Actually , I'm very aware of the costs of custom development, it was my bread and butter for many years before stepped away from that business.

I agree that custom programming is expensive and should be priced as such but I also think that custom development is not the same as creating a product for a vertical market. There is only 1 customer in a customized application and as such the cost will be high. The size and potential of the market will end up factoring into the final price of a software package but I do not think the solutions I have tried really justify their costs yet especially when the number of clients greatly exceed the 1 client you sell to in customized development.

A dream application would cost $500 or less. An application that costs $1000 or more needs to be much more suited to my business needs before I will commit to a purchase. While I understand that DTG is a new process to add into exisiting shop management software, even for things like embroidery I haven't been bowled over with what I have seen.

All of the software packages mentioned in this thread each do something really well but none of them average out enough to warrant a purchase in my mind and I'm still looking for a good package to invest in. Whether I'll pay $1, $500 or $2000 will completely depend on how well that package meets my needs and increases the productivity of the front side and back side of the house.


----------



## studog79 (Jul 13, 2006)

raise said:


> I think $500.00 is a far more reasonable target for software.


What qualifications do you have for making a statement like this? Do you have any idea how much time it takes to create a package like these? Marketing? Support? I was in IT for 20+ years, had own consulting firm, and know the expenses that go into a package. They are an industry spealized software thus they would cost more. Personally I do not own either. There is much more I would want to be able to handle our business. Look at Shopworks. 4500+ for it. Its like a lot on here you must decide if you want to have a hobbyor run a true business. Like I have said before most people know how to hammer saw, some electric work, plumbing...ect.... but if you build a house most would hire true professionals to do the job with the proper tools. Yes you can bang a nail in with a srewdriver handle but I wouldn't want that person on my job.


----------



## raise (Apr 11, 2008)

studog79 said:


> What qualifications do you have for making a statement like this? Do you have any idea how much time it takes to create a package like these? Marketing? Support? I was in IT for 20+ years, had own consulting firm, and know the expenses that go into a package. They are an industry spealized software thus they would cost more. Personally I do not own either. There is much more I would want to be able to handle our business. Look at Shopworks. 4500+ for it. Its like a lot on here you must decide if you want to have a hobbyor run a true business. Like I have said before most people know how to hammer saw, some electric work, plumbing...ect.... but if you build a house most would hire true professionals to do the job with the proper tools. Yes you can bang a nail in with a srewdriver handle but I wouldn't want that person on my job.

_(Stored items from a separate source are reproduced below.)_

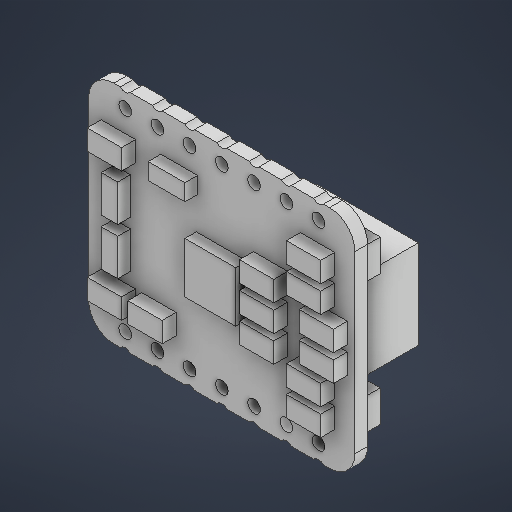
# Autodesk Inventor part: PCB
Saved by Autodesk Inventor 2027 (Build 310192000, 192)
## iProperties
Created: 2026-07-04
Part Number: PCB
Material: Genérico
Document SubType Name: Modeling
Designer: marcu
Density: 1 g/cm^3
Appearance: Padrão
Author: marcu
Autodesk Inventor part; units mm, degrees
ref_plane "YZ Plane" through (0, 0, 0) normal (1, 0, 0) x (0, 1, 0)
ref_plane "XZ Plane" through (0, 0, 0) normal (0, 1, 0) x (-1, 0, 0)
ref_plane "XY Plane" through (0, 0, 0) normal (0, 0, 1) x (1, 0, 0)
sketch "Esboço1" plane through (0, 0, 0) normal (0, 0, 1) x (1, 0, 0)
  line L0 (-10.5, 8.9) -> (10.5, 8.9)
  line L1 (10.5, 8.9) -> (10.5, -8.9)
  line L2 (10.5, -8.9) -> (-10.5, -8.9)
  line L3 (-10.5, -8.9) -> (-10.5, 8.9)
  line L4 (-10.5, 8.9) -> (10.5, -8.9) construction
  line L5 (10.5, 8.9) -> (-10.5, -8.9) construction
  point P0 (0, 0)
  dimension "d0" = 21
  dimension "d1" = 17.8
  constraints: 12 end point, 2 midpoint, 2 parallel, 1 horizontal, 1 perpendicular
  measures "d0" distance of L1.end L2.end
  measures "d1" distance of L0.end L1.end
extrude "Extrusão1" add sketch "Esboço1" along normal blind 1
fillet "Arredondamento1" radius 2 4 edges at (10.5, 8.9, 0.5) (10.5, -8.9, 0.5) (-10.5, -8.9, 0.5) (-10.5, 8.9, 0.5)
sketch "Esboço2" plane through (0, 0, 1) normal (0, 0, 1) x (1, 0, 0)
  line L0 (10.5, 8.9) -> (-10.5, 8.9) construction
  line L1 (-10.5, 8.9) -> (-10.5, -8.9) construction
  line L2 (-10.5, -8.9) -> (10.5, -8.9) construction
  line L3 (10.5, -8.9) -> (10.5, 8.9) construction
  line L4 (10.5, 8.9) -> (-10.5, -8.9) construction
  line L5 (-10.5, 8.9) -> (10.5, -8.9) construction
  circle A0 centre (7.63, -7.62) radius 0.5
  circle A1 centre (5.09, -7.62) radius 0.5
  circle A2 centre (2.55, -7.62) radius 0.5
  circle A3 centre (0.01, -7.62) radius 0.5
  circle A4 centre (-2.53, -7.62) radius 0.5
  circle A5 centre (-5.07, -7.62) radius 0.5
  circle A6 centre (-7.61, -7.62) radius 0.5
  line L6 (0, 0) -> (4.59, 0) construction
  circle A7 centre (7.63, 7.62) radius 0.5
  circle A8 centre (5.09, 7.62) radius 0.5
  circle A9 centre (2.55, 7.62) radius 0.5
  circle A10 centre (0.01, 7.62) radius 0.5
  circle A11 centre (-2.53, 7.62) radius 0.5
  circle A12 centre (-5.07, 7.62) radius 0.5
  circle A13 centre (-7.61, 7.62) radius 0.5
  dimension "d6" = 21
  dimension "d7" = 17.8
  dimension "d8" = 1
  dimension "d9" = 1.28
  dimension "d10" = 2.87
  dimension "d13" = 2.54
  constraints: 14 centre point, 14 end point, 7 symmetric about line, 3 horizontal, 2 midpoint, 2 parallel, 1 perpendicular, 19 other
  measures "d6" distance of L2.end L1.end
  measures "d7" distance of L1.end L0.end
  measures "d8" diameter of A0
  measures "d9" distance from line of L2 A0.centre
  measures "d10" distance from line of A0.centre L3
  measures "d13" distance of A0.centre A1.centre
extrude "Extrusão2" cut sketch "Esboço2" against normal blind 2
sketch "Esboço3" plane through (0, 0, 1) normal (0, 0, 1) x (1, 0, 0)
  circle A0 centre (7.63, -9.22) radius 0.5
  circle A1 centre (7.63, -7.62) radius 0.5 projected
  line L0 (8.6638, -8.12) -> (6.5962, -8.12) construction
  line L1 (8.6792, -8.72) -> (6.5808, -8.72) construction
  line L2 (-8.5, -8.9) -> (8.5, -8.9) projected
  line L3 (10.5, -6.9) -> (10.5, 6.9) projected
  circle A2 centre (5.09, -9.22) radius 0.5
  line L4 (6.1238, -8.12) -> (4.0562, -8.12) construction
  line L5 (6.1392, -8.72) -> (4.0408, -8.72) construction
  circle A3 centre (2.55, -9.22) radius 0.5
  line L6 (3.5838, -8.12) -> (1.5162, -8.12) construction
  line L7 (3.5992, -8.72) -> (1.5008, -8.72) construction
  circle A4 centre (0.01, -9.22) radius 0.5
  line L8 (1.0438, -8.12) -> (-1.0238, -8.12) construction
  line L9 (1.0592, -8.72) -> (-1.0392, -8.72) construction
  circle A5 centre (-2.53, -9.22) radius 0.5
  line L10 (-1.4962, -8.12) -> (-3.5638, -8.12) construction
  line L11 (-1.4808, -8.72) -> (-3.5792, -8.72) construction
  circle A6 centre (-5.07, -9.22) radius 0.5
  line L12 (-4.0362, -8.12) -> (-6.1038, -8.12) construction
  line L13 (-4.0208, -8.72) -> (-6.1192, -8.72) construction
  circle A7 centre (-7.61, -9.22) radius 0.5
  line L14 (-6.5762, -8.12) -> (-8.6438, -8.12) construction
  line L15 (-6.5608, -8.72) -> (-8.6592, -8.72) construction
  line L16 (2.53, 0) -> (-2.53, 0) construction
  circle A8 centre (7.63, 9.22) radius 0.5
  line L17 (8.6792, 8.72) -> (6.5808, 8.72) construction
  line L18 (-8.5, 8.9) -> (8.5, 8.9)
  circle A9 centre (5.09, 9.22) radius 0.5
  line L19 (6.1392, 8.72) -> (4.0408, 8.72) construction
  circle A10 centre (2.55, 9.22) radius 0.5
  line L20 (3.5992, 8.72) -> (1.5008, 8.72) construction
  circle A11 centre (0.01, 9.22) radius 0.5
  line L21 (1.0592, 8.72) -> (-1.0392, 8.72) construction
  circle A12 centre (-2.53, 9.22) radius 0.5
  line L22 (-1.4808, 8.72) -> (-3.5792, 8.72) construction
  circle A13 centre (-5.07, 9.22) radius 0.5
  line L23 (-4.0208, 8.72) -> (-6.1192, 8.72) construction
  circle A14 centre (-7.61, 9.22) radius 0.5
  line L24 (-6.5608, 8.72) -> (-8.6592, 8.72) construction
  point P0 (0, 0)
  point P1 (7.63, -8.12)
  point P2 (7.63, -8.72)
  point P3 (5.09, -8.72)
  point P4 (5.09, -8.12)
  point P5 (5.09, -7.62)
  point P6 (5.96, -8.9)
  point P7 (2.55, -8.72)
  point P8 (2.55, -8.12)
  point P9 (2.55, -7.62)
  point P10 (3.42, -8.9)
  point P11 (0.01, -8.72)
  point P12 (0.01, -8.12)
  point P13 (0.01, -7.62)
  point P14 (0.88, -8.9)
  point P15 (-2.53, -8.72)
  point P16 (-2.53, -8.12)
  point P17 (-2.53, -7.62)
  point P18 (-1.66, -8.9)
  point P19 (-5.07, -8.72)
  point P20 (-5.07, -8.12)
  point P21 (-5.07, -7.62)
  point P22 (-4.2, -8.9)
  point P23 (-7.61, -8.72)
  point P24 (-7.61, -8.12)
  point P25 (-7.61, -7.62)
  point P26 (-6.74, -8.9)
  point P27 (7.63, 8.72)
  point P28 (5.09, 8.72)
  point P29 (5.96, 8.9)
  point P30 (2.55, 8.72)
  point P31 (3.42, 8.9)
  point P32 (0.01, 8.72)
  point P33 (0.88, 8.9)
  point P34 (-2.53, 8.72)
  point P35 (-1.66, 8.9)
  point P36 (-5.07, 8.72)
  point P37 (-4.2, 8.9)
  point P38 (-7.61, 8.72)
  point P39 (-6.74, 8.9)
  dimension "d20" = 1
  dimension "d21" = 0.6
  dimension "d22" = 2.87
  dimension "d25" = 2.54
  constraints: 46 end point, 36 symmetric about line, 18 horizontal, 15 vertical alignment, 3 midpoint, 1 parallel, 95 other
  measures "d21" distance between parallel lines of L0 L1
  measures "d22" distance from line of point (7.63, -9.22) L3
  measures "d25" distance of point (7.63, -9.22) point (5.09, -9.22)
extrude "Extrusão3" cut sketch "Esboço3" against normal blind 2 contours A0 L2 | L2 A0 | A7 L2 | L2 A7 | A6 L2 | L2 A6 | A5 L2 | L2 A5 | A4 L2 | L2 A4 | A3 L2 | L2 A3 | A2 L2 | L2 A2 | A8 L18 | L18 A8 | A14 L18 | L18 A14 | A13 L18 | L18 A13 | A12 L18 | L18 A12 | A11 L18 | L18 A11 | A10 L18 | L18 A10 | A9 L18 | L18 A9
sketch "Esboço4" plane through (0, 0, 1) normal (0, 0, 1) x (1, 0, 0)
  line L0 (2, 2) -> (-2, 2)
  line L1 (-2, 2) -> (-2, -2)
  line L2 (-2, -2) -> (2, -2)
  line L3 (2, -2) -> (2, 2)
  line L4 (2, 2) -> (-2, -2) construction
  line L5 (-2, 2) -> (2, -2) construction
  point P0 (0, 0)
  dimension "d32" = 4
  dimension "d33" = 4
  constraints: 12 end point, 2 midpoint, 2 parallel, 1 horizontal, 1 perpendicular
  measures "d32" distance of L2.end L1.end
  measures "d33" distance of L1.end L0.end
extrude "MPU6050" add sketch "Esboço4" along normal blind 0.9
sketch "Esboço5" plane through (0, 0, 1) normal (0, 0, 1) x (1, 0, 0)
  line L0 (2, 2) -> (2, -2) projected
  line L1 (2.9342, -8.9) -> (4.7058, -8.9) projected
  line L2 (0, 2.9633) -> (0, -2.9633) construction
  line L3 (-2, 2) -> (-2, -2)
  line L4 (5.2, 2.9) -> (2.5, 2.9)
  line L5 (2.5, 2.9) -> (2.5, 1.3)
  line L6 (2.5, 1.3) -> (5.2, 1.3)
  line L7 (5.2, 1.3) -> (5.2, 2.9)
  line L8 (5.2, 2.9) -> (2.5, 1.3) construction
  line L9 (2.5, 2.9) -> (5.2, 1.3) construction
  line L10 (5.2, 0.8) -> (2.5, 0.8)
  line L11 (2.5, 0.8) -> (2.5, -0.8)
  line L12 (2.5, -0.8) -> (5.2, -0.8)
  line L13 (5.2, -0.8) -> (5.2, 0.8)
  line L14 (5.2, 0.8) -> (2.5, -0.8) construction
  line L15 (2.5, 0.8) -> (5.2, -0.8) construction
  line L16 (5.2, -1.3) -> (2.5, -1.3)
  line L17 (2.5, -1.3) -> (2.5, -2.9)
  line L18 (2.5, -2.9) -> (5.2, -2.9)
  line L19 (5.2, -2.9) -> (5.2, -1.3)
  line L20 (5.2, -1.3) -> (2.5, -2.9) construction
  line L21 (2.5, -1.3) -> (5.2, -2.9) construction
  point P0 (0, 0)
  point P1 (3.85, 2.1)
  point P2 (3.85, 0)
  point P3 (3.85, -2.1)
  dimension "d127" = 2.7
  dimension "d128" = 1.6
  dimension "d129" = 0.5
  dimension "d130" = 0.5
  dimension "d131" = 0.5
  dimension "d132" = 6
  constraints: 40 end point, 7 midpoint, 6 parallel, 4 equal length, 3 horizontal, 3 perpendicular, 2 point on line, 2 symmetric about line, 1 vertical
  measures "d127" distance of L6.end L5.end
  measures "d128" distance of L5.end L4.end
  measures "d129" distance between parallel lines of L6 L10
  measures "d130" distance between parallel lines of L12 L16
  measures "d131" distance between parallel lines of L0 L5
  measures "d132" distance between parallel lines of L1 L18
sketch "Esboço7" plane through (0, 0, 0) normal (0, 0, -1) x (-1, 0, 0)
  line L0 (-9, -3.5) -> (-1, -3.5)
  line L1 (-1, -3.5) -> (-1, 3.5)
  line L2 (-1, 3.5) -> (-9, 3.5)
  line L3 (-9, 3.5) -> (-9, -3.5)
  line L4 (-9, -3.5) -> (-1, 3.5) construction
  line L5 (-1, -3.5) -> (-9, 3.5) construction
  line L6 (-10.5, -6.9) -> (-10.5, 6.9) projected
  line L7 (-7.2458, 8.9) -> (-5.4742, 8.9) projected
  point P0 (0, 0)
  point P1 (-5, 0)
  dimension "d48" = 8
  dimension "d49" = 7
  dimension "d50" = 1.5
  dimension "d51" = 5.4
  constraints: 12 end point, 2 midpoint, 2 parallel, 1 horizontal, 1 perpendicular
  measures "d48" distance of L2.end L1.end
  measures "d49" distance of L1.end L0.end
  measures "d50" distance between parallel lines of L3 L6
  measures "d51" distance between parallel lines of L7 L2
extrude "JST" add sketch "Esboço7" along normal blind 5.5
sketch "Esboço8" plane through (0, 0, 0) normal (0, 0, -1) x (-1, 0, 0)
  line L0 (-10, 6.4) -> (-6.5, 6.4)
  line L1 (-6.5, 6.4) -> (-6.5, 3.9)
  line L2 (-6.5, 3.9) -> (-10, 3.9)
  line L3 (-10, 3.9) -> (-10, 6.4)
  line L4 (-10, 6.4) -> (-6.5, 3.9) construction
  line L5 (-6.5, 6.4) -> (-10, 3.9) construction
  line L6 (-10.5, -6.9) -> (-10.5, 6.9) projected
  line L7 (-8.5, 8.9) -> (-8.0142, 8.9) projected
  line L8 (-2, 0) -> (2, 0) construction
  line L9 (2, 2) -> (2, -2) projected
  line L10 (-10, -6.4) -> (-6.5, -6.4)
  line L11 (-6.5, -6.4) -> (-6.5, -3.9)
  line L12 (-6.5, -3.9) -> (-10, -3.9)
  line L13 (-10, -3.9) -> (-10, -6.4)
  line L14 (-10, -6.4) -> (-6.5, -3.9) construction
  line L15 (-6.5, -6.4) -> (-10, -3.9) construction
  line L16 (-8.5, -8.9) -> (-8.0142, -8.9)
  point P0 (0, 0)
  point P1 (-8.25, 5.15)
  point P2 (-8.25, -5.15)
  dimension "d54" = 3.5
  dimension "d55" = 2.5
  dimension "d56" = 0.5
  dimension "d57" = 2.5
  constraints: 28 end point, 7 symmetric about line, 4 midpoint, 2 parallel, 1 horizontal, 1 perpendicular
  measures "d54" distance of L1.end L2.end
  measures "d55" distance of L0.end L1.end
  measures "d56" distance between parallel lines of L6 L3
  measures "d57" distance between parallel lines of L0 L7
extrude "Botões Deslizantes" add sketch "Esboço8" along normal blind 1.5
sketch "Esboço9" plane through (0, 0, 0) normal (0, 0, -1) x (-1, 0, 0)
  line L0 (-0.5, -2.35) -> (1.5, -2.35)
  line L1 (1.5, -2.35) -> (1.5, -0.75)
  line L2 (1.5, -0.75) -> (-0.5, -0.75)
  line L3 (-0.5, -0.75) -> (-0.5, -2.35)
  line L4 (-0.5, -2.35) -> (1.5, -0.75) construction
  line L5 (1.5, -2.35) -> (-0.5, -0.75) construction
  line L6 (-0.5, 0.75) -> (1.5, 0.75)
  line L7 (1.5, 0.75) -> (1.5, 2.35)
  line L8 (1.5, 2.35) -> (-0.5, 2.35)
  line L9 (-0.5, 2.35) -> (-0.5, 0.75)
  line L10 (-0.5, 0.75) -> (1.5, 2.35) construction
  line L11 (1.5, 0.75) -> (-0.5, 2.35) construction
  line L12 (-1, 3.5) -> (-1, -3.5) projected
  line L13 (0.3742, 8.9) -> (2.1458, 8.9) projected
  line L14 (2, -1.7) -> (4, -1.7)
  line L15 (4, -1.7) -> (4, -0.1)
  line L16 (4, -0.1) -> (2, -0.1)
  line L17 (2, -0.1) -> (2, -1.7)
  line L18 (2, -1.7) -> (4, -0.1) construction
  line L19 (4, -1.7) -> (2, -0.1) construction
  line L20 (2, 0.1) -> (4, 0.1)
  line L21 (4, 0.1) -> (4, 1.7)
  line L22 (4, 1.7) -> (2, 1.7)
  line L23 (2, 1.7) -> (2, 0.1)
  line L24 (2, 0.1) -> (4, 1.7) construction
  line L25 (4, 0.1) -> (2, 1.7) construction
  line L26 (5.4542, 8.9) -> (7.2258, 8.9) projected
  point P0 (0, 0)
  point P1 (0.5, -1.55)
  point P2 (0.5, 1.55)
  point P3 (3, -0.9)
  point P4 (3, 0.9)
  dimension "d60" = 2
  dimension "d61" = 1.6
  dimension "d62" = 0.5
  dimension "d63" = 1.5
  dimension "d64" = 6.55
  dimension "d67" = 0.2
  dimension "d68" = 7.2
  dimension "d69" = 0.5
  dimension "d70" = 0.5
  constraints: 48 end point, 8 midpoint, 8 parallel, 6 equal length, 4 horizontal, 4 perpendicular, 1 point on line
  measures "d60" distance of L1.end L2.end
  measures "d61" distance of L0.start L2.end
  measures "d62" distance between parallel lines of L3 L12
  measures "d63" distance between parallel lines of L6 L2
  measures "d64" distance between parallel lines of L13 L8
  measures "d67" distance between parallel lines of L20 L16
  measures "d68" distance between parallel lines of L26 L22
  measures "d69" distance between parallel lines of L23 L7
  measures "d70" distance between parallel lines of L17 L1
extrude "capacitores" add sketch "Esboço9" along normal blind 1.6
sketch "Esboço10" plane through (0, 0, 0) normal (0, 0, -1) x (-1, 0, 0)
  line L0 (-0.8, -6.4) -> (0.8, -6.4)
  line L1 (0.8, -6.4) -> (0.8, -3.7)
  line L2 (0.8, -3.7) -> (-0.8, -3.7)
  line L3 (-0.8, -3.7) -> (-0.8, -6.4)
  line L4 (-0.8, -6.4) -> (0.8, -3.7) construction
  line L5 (0.8, -6.4) -> (-0.8, -3.7) construction
  line L6 (1.3, -6.4) -> (2.6, -6.4)
  line L7 (2.6, -6.4) -> (2.6, -3.5)
  line L8 (2.6, -3.5) -> (1.3, -3.5)
  line L9 (1.3, -3.5) -> (1.3, -6.4)
  line L10 (1.3, -6.4) -> (2.6, -3.5) construction
  line L11 (2.6, -6.4) -> (1.3, -3.5) construction
  line L12 (3.1, -6.4) -> (3.9, -6.4)
  line L13 (3.9, -6.4) -> (3.9, -4.8)
  line L14 (3.9, -4.8) -> (3.1, -4.8)
  line L15 (3.1, -4.8) -> (3.1, -6.4)
  line L16 (3.1, -6.4) -> (3.9, -4.8) construction
  line L17 (3.9, -6.4) -> (3.1, -4.8) construction
  line L18 (-1, 3.5) -> (-1, -3.5) projected
  line L19 (2.1458, -8.9) -> (0.3742, -8.9) projected
  line L20 (4.6858, -8.9) -> (2.9142, -8.9) projected
  line L21 (7.2258, -8.9) -> (5.4542, -8.9) projected
  line L22 (-1.26, 0) -> (1.26, 0) construction
  line L23 (-0.8, 6.4) -> (0.8, 6.4)
  line L24 (0.8, 6.4) -> (0.8, 3.7)
  line L25 (0.8, 3.7) -> (-0.8, 3.7)
  line L26 (-0.8, 3.7) -> (-0.8, 6.4)
  line L27 (-0.8, 6.4) -> (0.8, 3.7) construction
  line L28 (0.8, 6.4) -> (-0.8, 3.7) construction
  line L29 (1.3, 6.4) -> (2.6, 6.4)
  line L30 (2.6, 6.4) -> (2.6, 3.5)
  line L31 (2.6, 3.5) -> (1.3, 3.5)
  line L32 (1.3, 3.5) -> (1.3, 6.4)
  line L33 (1.3, 6.4) -> (2.6, 3.5) construction
  line L34 (2.6, 6.4) -> (1.3, 3.5) construction
  line L35 (3.1, 6.4) -> (3.9, 6.4)
  line L36 (3.9, 6.4) -> (3.9, 4.8)
  line L37 (3.9, 4.8) -> (3.1, 4.8)
  line L38 (3.1, 4.8) -> (3.1, 6.4)
  line L39 (3.1, 6.4) -> (3.9, 4.8) construction
  line L40 (3.9, 6.4) -> (3.1, 4.8) construction
  point P0 (0, 0)
  point P1 (0, -5.05)
  point P2 (1.95, -4.95)
  point P3 (3.5, -5.6)
  point P4 (0, 5.05)
  point P5 (1.95, 4.95)
  point P6 (3.5, 5.6)
  dimension "d73" = 1.6
  dimension "d74" = 2.7
  dimension "d75" = 1.3
  dimension "d76" = 2.9
  dimension "d77" = 0.8
  dimension "d78" = 1.6
  dimension "d79" = 0.2
  dimension "d80" = 2.5
  dimension "d81" = 2.5
  dimension "d82" = 2.5
  dimension "d83" = 0.5
  dimension "d84" = 0.5
  constraints: 74 end point, 15 symmetric about line, 7 midpoint, 6 parallel, 4 horizontal, 3 perpendicular
  measures "d73" distance of L2.end L1.end
  measures "d74" distance of L1.end L0.end
  measures "d75" distance of L8.end L7.end
  measures "d76" distance of L7.end L6.end
  measures "d77" distance of L14.end L13.end
  measures "d78" distance of L13.end L12.end
  measures "d79" distance between parallel lines of L3 L18
  measures "d80" distance between parallel lines of L19 L0
  measures "d81" distance between parallel lines of L20 L6
  measures "d82" distance between parallel lines of L21 L12
  measures "d83" distance between parallel lines of L9 L1
  measures "d84" distance between parallel lines of L15 L7
extrude "Diodo" add sketch "Esboço10" along normal blind 1.1 contours L3 L2 L1 L0 | L23 L24 L25 L26
extrude "Transistor" add sketch "Esboço10" along normal blind 1.1 contours L9 L8 L7 L6 | L29 L30 L31 L32
extrude "Resistor" add sketch "Esboço10" along normal blind 1.1 contours L15 L14 L13 L12 | L35 L36 L37 L38
sketch "Esboço11" plane through (0, 0, 0) normal (0, 0, -1) x (-1, 0, 0)
  line L0 (4.5, -3.7) -> (6.1, -3.7)
  line L1 (6.1, -3.7) -> (6.1, -1)
  line L2 (6.1, -1) -> (4.5, -1)
  line L3 (4.5, -1) -> (4.5, -3.7)
  line L4 (4.5, -3.7) -> (6.1, -1) construction
  line L5 (6.1, -3.7) -> (4.5, -1) construction
  line L6 (8.6, -2.6) -> (9.4, -2.6)
  line L7 (9.4, -2.6) -> (9.4, -1)
  line L8 (9.4, -1) -> (8.6, -1)
  line L9 (8.6, -1) -> (8.6, -2.6)
  line L10 (8.6, -2.6) -> (9.4, -1) construction
  line L11 (9.4, -2.6) -> (8.6, -1) construction
  line L12 (4, -0.1) -> (4, -1.7) projected
  line L13 (-1.0853, 0) -> (1.0853, 0) construction
  line L14 (6.7, -1) -> (8, -1)
  line L15 (8, -1) -> (8, -3.9)
  line L16 (8, -3.9) -> (6.7, -3.9)
  line L17 (6.7, -3.9) -> (6.7, -1)
  line L18 (6.7, -1) -> (8, -3.9) construction
  line L19 (8, -1) -> (6.7, -3.9) construction
  line L20 (4.5, 3.7) -> (6.1, 3.7)
  line L21 (6.1, 3.7) -> (6.1, 1)
  line L22 (6.1, 1) -> (4.5, 1)
  line L23 (4.5, 1) -> (4.5, 3.7)
  line L24 (4.5, 3.7) -> (6.1, 1) construction
  line L25 (6.1, 3.7) -> (4.5, 1) construction
  line L26 (8.6, 2.6) -> (9.4, 2.6)
  line L27 (9.4, 2.6) -> (9.4, 1)
  line L28 (9.4, 1) -> (8.6, 1)
  line L29 (8.6, 1) -> (8.6, 2.6)
  line L30 (8.6, 2.6) -> (9.4, 1) construction
  line L31 (9.4, 2.6) -> (8.6, 1) construction
  line L32 (6.7, 1) -> (8, 1)
  line L33 (8, 1) -> (8, 3.9)
  line L34 (8, 3.9) -> (6.7, 3.9)
  line L35 (6.7, 3.9) -> (6.7, 1)
  line L36 (6.7, 1) -> (8, 3.9) construction
  line L37 (8, 1) -> (6.7, 3.9) construction
  point P0 (0, 0)
  point P1 (5.3, -2.35)
  point P2 (9, -1.8)
  point P3 (7.35, -2.45)
  point P4 (5.3, 2.35)
  point P5 (9, 1.8)
  point P6 (4, 1.7)
  point P7 (7.35, 2.45)
  dimension "d101" = 2.7
  dimension "d102" = 1.6
  dimension "d105" = 1.6
  dimension "d106" = 0.8
  dimension "d107" = 1
  dimension "d108" = 1
  dimension "d109" = 1.3
  dimension "d110" = 2.9
  dimension "d111" = 1
  dimension "d112" = 0.6
  dimension "d113" = 0.6
  dimension "d114" = 0.5
  constraints: 74 end point, 16 symmetric about line, 7 midpoint, 6 parallel, 4 horizontal, 3 perpendicular
  measures "d101" distance of L2.end L0.start
  measures "d102" distance of L0.start L0.end
  measures "d105" distance of L8.end L6.start
  measures "d106" distance of L6.start L6.end
  measures "d107" distance from line of point (0, 0) L2
  measures "d108" distance from line of point (0, 0) L8
  measures "d109" distance of L15.end L16.end
  measures "d110" distance of L14.end L15.end
  measures "d111" distance from line of point (0, 0) L14
  measures "d112" distance between parallel lines of L17 L1
  measures "d113" distance between parallel lines of L9 L15
  measures "d114" distance between parallel lines of L12 L3
extrude "Extrusão12" add sketch "Esboço11" along normal blind 1.1 contours L3 L2 L1 L0 | L20 L21 L22 L23
extrude "Extrusão13" add sketch "Esboço11" along normal blind 1 contours L14 L15 L16 L17 | L35 L34 L33 L32
extrude "Extrusão14" add sketch "Esboço11" along normal blind 0.45 contours L9 L8 L7 L6 | L26 L27 L28 L29
sketch "Esboço12" plane through (0, 0, 0) normal (0, 0, -1) x (-1, 0, 0)
  line L0 (9.2, 5.8) -> (10, 5.8)
  line L1 (10, 5.8) -> (10, 7.4)
  line L2 (10, 7.4) -> (9.2, 7.4)
  line L3 (9.2, 7.4) -> (9.2, 5.8)
  line L4 (9.2, 5.8) -> (10, 7.4) construction
  line L5 (10, 5.8) -> (9.2, 7.4) construction
  line L6 (10.5, 6.9) -> (10.5, -6.9) projected
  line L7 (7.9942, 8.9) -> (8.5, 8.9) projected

The same qualifications you have, I'm shopping for software. I don't need to justify my desired price any more than developers need to meet it.

The idea that because I want affordable software means I'm not serious or knowledgeable about either business field is a strawman.

I know what I need to make my business successful. I know what I want to pay to make it more efficent. The final decision of what I will actually pay will be determined by the percieved/expected impact a purchase will have on my business.

My current opinon on looking at the products I've seen so far is that none of them justify the short term impact of their costs. Using our mix of Excel and Access is more cost efficent in the short term than trying to shoe horn our workflow and document needs into the packages I've been able to demo.

The whole point of this thread is that I know there are probably several solutions I've missed as I've searched and I wanted to see if other forum members knew of solutions I haven't seen.


----------



## raise (Apr 11, 2008)

On another note, has anyone heard if T-Quoter is going to make it to version 3? The T-Quoter boards were a bit lifeless and when I looked into that product, it seemed like the version 3.0 might completely change the application.


----------



## studog79 (Jul 13, 2006)

On ypur budget I'd stick with paper and pencil or a spreadsheet, which could work cause you can buy Excel for under 500.00, even though office professional is close to that. Or look into a software developer to create exactly what you need. Of course you might find sticker shock.


----------



## raise (Apr 11, 2008)

studog79 said:


> On ypur budget I'd stick with paper and pencil or a spreadsheet, which could work cause you can buy Excel for under 500.00, even though office professional is close to that. Or look into a software developer to create exactly what you need. Of course you might find sticker shock.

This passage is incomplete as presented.